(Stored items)
^^^^

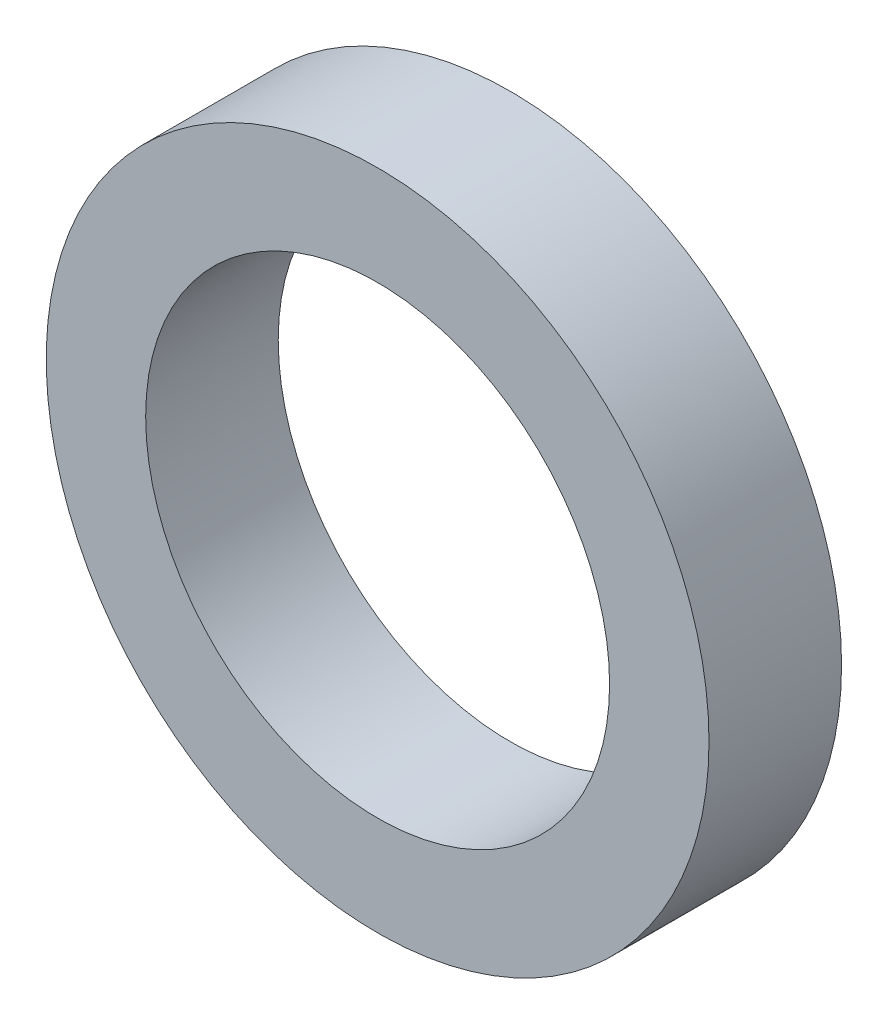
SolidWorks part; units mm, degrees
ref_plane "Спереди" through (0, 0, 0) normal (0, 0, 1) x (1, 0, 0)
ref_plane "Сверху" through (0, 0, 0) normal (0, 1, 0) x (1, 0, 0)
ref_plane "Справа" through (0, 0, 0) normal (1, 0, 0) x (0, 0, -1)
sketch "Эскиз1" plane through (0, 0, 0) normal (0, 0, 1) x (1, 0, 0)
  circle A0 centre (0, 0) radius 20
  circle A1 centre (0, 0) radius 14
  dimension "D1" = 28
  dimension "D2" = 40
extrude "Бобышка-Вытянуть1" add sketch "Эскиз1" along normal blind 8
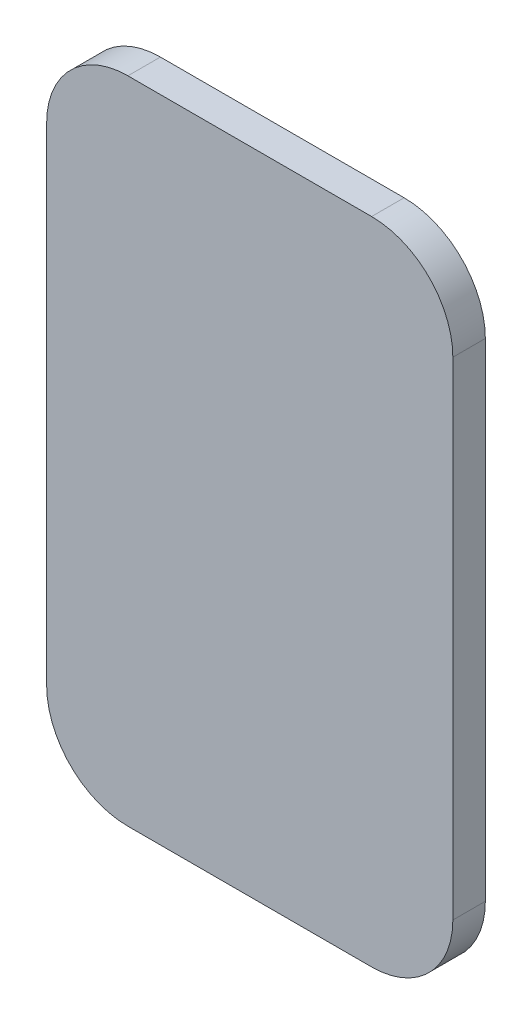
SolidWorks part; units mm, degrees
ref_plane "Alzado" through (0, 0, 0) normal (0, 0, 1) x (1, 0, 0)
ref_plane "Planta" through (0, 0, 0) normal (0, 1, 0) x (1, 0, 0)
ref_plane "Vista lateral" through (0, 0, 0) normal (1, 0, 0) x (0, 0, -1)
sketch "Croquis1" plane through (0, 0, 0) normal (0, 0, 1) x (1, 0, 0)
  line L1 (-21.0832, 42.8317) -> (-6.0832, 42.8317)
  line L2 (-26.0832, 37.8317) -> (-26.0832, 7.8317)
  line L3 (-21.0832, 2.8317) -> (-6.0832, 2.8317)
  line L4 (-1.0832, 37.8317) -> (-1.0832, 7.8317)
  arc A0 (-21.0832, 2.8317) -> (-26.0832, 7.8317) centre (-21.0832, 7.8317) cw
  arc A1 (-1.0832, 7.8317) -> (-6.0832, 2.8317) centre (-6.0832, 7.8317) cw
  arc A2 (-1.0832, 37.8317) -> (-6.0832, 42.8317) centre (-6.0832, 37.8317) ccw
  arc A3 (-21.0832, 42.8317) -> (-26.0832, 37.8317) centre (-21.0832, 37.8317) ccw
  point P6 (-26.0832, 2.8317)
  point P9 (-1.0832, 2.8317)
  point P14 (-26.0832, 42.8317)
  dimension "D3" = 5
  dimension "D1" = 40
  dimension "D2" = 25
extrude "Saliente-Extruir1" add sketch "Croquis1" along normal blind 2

^^^^

(Problem)
Say how many lines in the records hold the word "through", giving the number by itself.

(Output for this exercise)
8